- Written by: Jonathan Estrin
- Directed by: Jeffrey W. Byrd
- Starring: Jon Voight Louis Gossett Jr Joe Morton Bokeem Woodbine
- Music by: Asche & Spencer Richard Werbowenko
- Country of origin: United States
- Original language: English

Production
- Executive producers: Jonathan Estrin Michael Greene
- Producer: Lena Cordina
- Cinematography: Ousama Rawi
- Editor: Jeffrey Cooper
- Running time: 114 minutes
- Production company: Showtime Networks

Original release
- Network: Showtime
- Release: June 8, 2003

= Jasper, Texas (film) =

2003 TV movie by Jeffrey W. Byrd

Jasper, Texas is a 2003 American made-for-television drama film directed by Jeffrey W. Byrd. The teleplay by Jonathan Estrin is based on a true story and focuses on the aftermath of a crime in which three white men from the small town of Jasper, Texas, killed African American James Byrd Jr. by dragging him behind their pickup truck.

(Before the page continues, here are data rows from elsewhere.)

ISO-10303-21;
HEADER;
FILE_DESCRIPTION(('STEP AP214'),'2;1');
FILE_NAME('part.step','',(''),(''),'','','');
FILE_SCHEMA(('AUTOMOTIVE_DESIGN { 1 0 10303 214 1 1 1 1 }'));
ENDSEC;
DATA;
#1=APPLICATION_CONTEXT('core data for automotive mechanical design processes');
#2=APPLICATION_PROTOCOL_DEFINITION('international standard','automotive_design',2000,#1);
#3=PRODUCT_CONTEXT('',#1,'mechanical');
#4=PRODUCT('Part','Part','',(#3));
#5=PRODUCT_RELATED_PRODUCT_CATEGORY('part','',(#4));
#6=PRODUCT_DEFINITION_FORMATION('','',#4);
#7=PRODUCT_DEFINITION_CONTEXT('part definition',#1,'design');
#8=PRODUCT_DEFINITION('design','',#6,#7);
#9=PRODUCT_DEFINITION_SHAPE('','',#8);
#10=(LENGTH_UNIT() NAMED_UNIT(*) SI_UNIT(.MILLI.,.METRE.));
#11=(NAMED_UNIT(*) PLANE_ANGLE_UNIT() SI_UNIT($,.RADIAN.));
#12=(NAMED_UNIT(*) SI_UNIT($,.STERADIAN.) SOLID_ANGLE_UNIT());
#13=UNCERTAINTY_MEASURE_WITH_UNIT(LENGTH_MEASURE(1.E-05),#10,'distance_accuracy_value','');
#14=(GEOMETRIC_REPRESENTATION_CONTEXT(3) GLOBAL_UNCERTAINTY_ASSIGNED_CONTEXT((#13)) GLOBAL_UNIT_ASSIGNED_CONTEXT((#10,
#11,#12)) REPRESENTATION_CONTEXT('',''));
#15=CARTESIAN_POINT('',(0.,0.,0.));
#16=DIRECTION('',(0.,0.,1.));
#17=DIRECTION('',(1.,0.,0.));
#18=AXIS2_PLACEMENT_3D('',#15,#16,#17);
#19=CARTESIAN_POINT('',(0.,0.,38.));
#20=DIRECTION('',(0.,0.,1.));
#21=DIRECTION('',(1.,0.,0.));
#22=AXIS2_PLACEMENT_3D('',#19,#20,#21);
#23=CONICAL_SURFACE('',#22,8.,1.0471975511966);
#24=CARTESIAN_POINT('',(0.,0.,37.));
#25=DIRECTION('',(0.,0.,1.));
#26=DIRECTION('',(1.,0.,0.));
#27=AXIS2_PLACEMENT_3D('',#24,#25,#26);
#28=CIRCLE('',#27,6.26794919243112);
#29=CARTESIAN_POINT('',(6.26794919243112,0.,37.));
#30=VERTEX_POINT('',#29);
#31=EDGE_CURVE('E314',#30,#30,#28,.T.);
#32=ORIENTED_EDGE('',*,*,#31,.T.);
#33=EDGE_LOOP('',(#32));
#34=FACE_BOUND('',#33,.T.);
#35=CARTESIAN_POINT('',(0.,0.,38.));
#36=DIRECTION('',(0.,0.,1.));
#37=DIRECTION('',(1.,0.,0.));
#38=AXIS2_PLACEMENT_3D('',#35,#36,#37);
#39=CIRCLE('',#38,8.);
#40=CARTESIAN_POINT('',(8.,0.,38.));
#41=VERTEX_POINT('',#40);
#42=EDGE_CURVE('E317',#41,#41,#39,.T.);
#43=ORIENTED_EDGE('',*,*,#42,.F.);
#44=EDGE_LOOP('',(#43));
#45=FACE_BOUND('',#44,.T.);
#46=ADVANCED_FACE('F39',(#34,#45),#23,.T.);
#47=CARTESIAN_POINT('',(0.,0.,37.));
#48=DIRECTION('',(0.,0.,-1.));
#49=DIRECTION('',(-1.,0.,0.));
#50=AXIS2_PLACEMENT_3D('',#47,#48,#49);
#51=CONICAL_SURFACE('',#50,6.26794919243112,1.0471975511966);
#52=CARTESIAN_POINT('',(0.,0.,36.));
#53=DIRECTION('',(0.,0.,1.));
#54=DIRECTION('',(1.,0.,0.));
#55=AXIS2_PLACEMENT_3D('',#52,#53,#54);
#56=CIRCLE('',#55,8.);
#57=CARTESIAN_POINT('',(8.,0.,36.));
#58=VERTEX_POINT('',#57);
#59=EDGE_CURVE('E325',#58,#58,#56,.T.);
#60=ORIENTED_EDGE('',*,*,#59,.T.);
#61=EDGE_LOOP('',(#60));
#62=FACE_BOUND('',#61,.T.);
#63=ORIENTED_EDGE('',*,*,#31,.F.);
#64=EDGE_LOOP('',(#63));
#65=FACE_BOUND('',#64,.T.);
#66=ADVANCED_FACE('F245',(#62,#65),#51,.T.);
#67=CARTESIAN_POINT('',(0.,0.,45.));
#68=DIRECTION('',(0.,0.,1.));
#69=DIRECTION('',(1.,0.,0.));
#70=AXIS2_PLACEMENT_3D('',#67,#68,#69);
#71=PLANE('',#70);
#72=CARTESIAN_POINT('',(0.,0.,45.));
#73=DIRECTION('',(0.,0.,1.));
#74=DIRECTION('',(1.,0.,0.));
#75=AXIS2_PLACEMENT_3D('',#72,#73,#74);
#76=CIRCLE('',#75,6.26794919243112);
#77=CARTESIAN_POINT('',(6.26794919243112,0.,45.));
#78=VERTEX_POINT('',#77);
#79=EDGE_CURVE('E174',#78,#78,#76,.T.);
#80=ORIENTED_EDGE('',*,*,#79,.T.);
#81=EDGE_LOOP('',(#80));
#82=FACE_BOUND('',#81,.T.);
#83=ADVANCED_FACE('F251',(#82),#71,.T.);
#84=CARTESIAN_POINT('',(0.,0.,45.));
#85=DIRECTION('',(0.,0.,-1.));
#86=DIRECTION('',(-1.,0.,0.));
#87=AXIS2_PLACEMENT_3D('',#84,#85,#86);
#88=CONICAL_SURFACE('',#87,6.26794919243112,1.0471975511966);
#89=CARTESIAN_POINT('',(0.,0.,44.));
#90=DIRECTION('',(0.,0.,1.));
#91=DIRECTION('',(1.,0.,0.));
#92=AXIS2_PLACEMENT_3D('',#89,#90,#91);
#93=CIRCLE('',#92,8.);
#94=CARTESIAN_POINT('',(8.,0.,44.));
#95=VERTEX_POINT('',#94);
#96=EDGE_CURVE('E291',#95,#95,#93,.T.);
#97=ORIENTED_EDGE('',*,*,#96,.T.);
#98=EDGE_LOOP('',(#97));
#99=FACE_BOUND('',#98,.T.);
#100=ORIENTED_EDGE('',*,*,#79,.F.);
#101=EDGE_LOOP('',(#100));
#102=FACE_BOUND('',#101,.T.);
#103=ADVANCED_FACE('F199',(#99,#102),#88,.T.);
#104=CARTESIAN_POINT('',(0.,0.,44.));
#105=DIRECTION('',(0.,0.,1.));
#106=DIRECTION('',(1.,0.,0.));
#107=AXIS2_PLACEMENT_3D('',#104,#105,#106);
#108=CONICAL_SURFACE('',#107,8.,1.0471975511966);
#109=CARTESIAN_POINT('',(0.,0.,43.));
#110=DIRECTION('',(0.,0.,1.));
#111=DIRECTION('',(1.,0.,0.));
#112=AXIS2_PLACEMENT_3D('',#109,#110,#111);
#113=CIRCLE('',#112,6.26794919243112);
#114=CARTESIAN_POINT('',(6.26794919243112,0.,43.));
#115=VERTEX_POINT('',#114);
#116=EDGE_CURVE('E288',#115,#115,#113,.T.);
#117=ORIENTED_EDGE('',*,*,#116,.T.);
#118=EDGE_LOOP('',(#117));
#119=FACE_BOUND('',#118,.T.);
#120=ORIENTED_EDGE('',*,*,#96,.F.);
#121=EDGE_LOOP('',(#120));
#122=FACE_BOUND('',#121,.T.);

The film was shown at the Philadelphia International Film Festival before being broadcast by Showtime on June 8, 2003.

==Plot==
In Jasper, Texas, in June 1998, three self-proclaimed white supremacists chain James Byrd Jr., to the back of their pickup truck and drag him to his death over three miles of country road. When the town is forced to deal with an onslaught of media coverage that thrusts it into the collective conscience of the entire country and the arrival of contentious members of the Ku Klux Klan, and the Black Panthers, the once peaceful relationship between its white and black citizens is subjected to tension. Trying to maintain peace in the community as the trial of the three perpetrators commences are black mayor R.C. Horn and white sheriff Billy Rowles, neither of whom is prepared to handle all the negative publicity. Justice is served when two of the men are condemned to death and the third is sentenced to life in prison.

==Production==
Portions of the film, including the town scene, were shot in Beaverton, Ontario, Canada.

==Critical reception==
Jonathan Storm of The Philadelphia Inquirer found it worthy, especially praised and said, "Gossett is barely recognizable as the lean, wizened Mayor O.C. Horn. He and Voigt, as Sheriff Billy Rowles, personify the common-sense intelligence that characterizes much of small-town America." He also added "one of its stars, Louis Gossett Jr., were nominated for NAACP Image Awards, to be presented next month. Costar Jon Voigt is also worthy of a prize." John Leonard of New York wrote, "What distinguishes Jasper, Texas is not inside info...not suspense...and not catharsis...It is performance."

David Wiegand of the San Francisco Chronicle said, "There's nothing fatally wrong with the film, but the muddled, overstuffed script and sometimes cheesy direction short-circuit the emotional potential of the treatment of James Byrd Jr.'s brutal dragging death five years ago in a small Texas town . . . The better TV films offer commentary and perspective subtly, through careful characterization and plot development. Jasper, Texas doesn't quite do that. Despite great performances from Voight and Gossett, the film trips over its own simplistic analysis of what 'getting along' between the races really means."

Laura Fries of Variety called the film "an introspective but somewhat Hollywoodized treatment" and continued, "The director's focus is very personal. Although he doesn't linger on details of the court case, the murder is presented in full-color detail. It is handled almost clinically, but not without sensitivity. To dance around the facts would be too great a disservice. To exploit the sensational nature of the crime also would be wrong. Instead, Byrd puts his trust into his very capable cast."

Sam Adams of Philadelphia City Paper thought the film was "a standard-issue docudrama whose pat resolution doesn't dredge up anything like the national horror of Byrd's murder."

==Awards and nominations==
Screenwriter Jonathan Estrin was nominated for the Humanitas Prize. The film was nominated for the NAACP Image Award for Outstanding Television Movie, Mini-Series or Dramatic Special, and Louis Gossett, Jr. was nominated for the NAACP Image Award for Outstanding Actor in a Television Movie, Mini-Series or Dramatic Special.

==Home media==
Paramount Pictures Home Entertainment released the film on DVD on February 3, 2004. It is in fullscreen format with audio tracks in English and Spanish.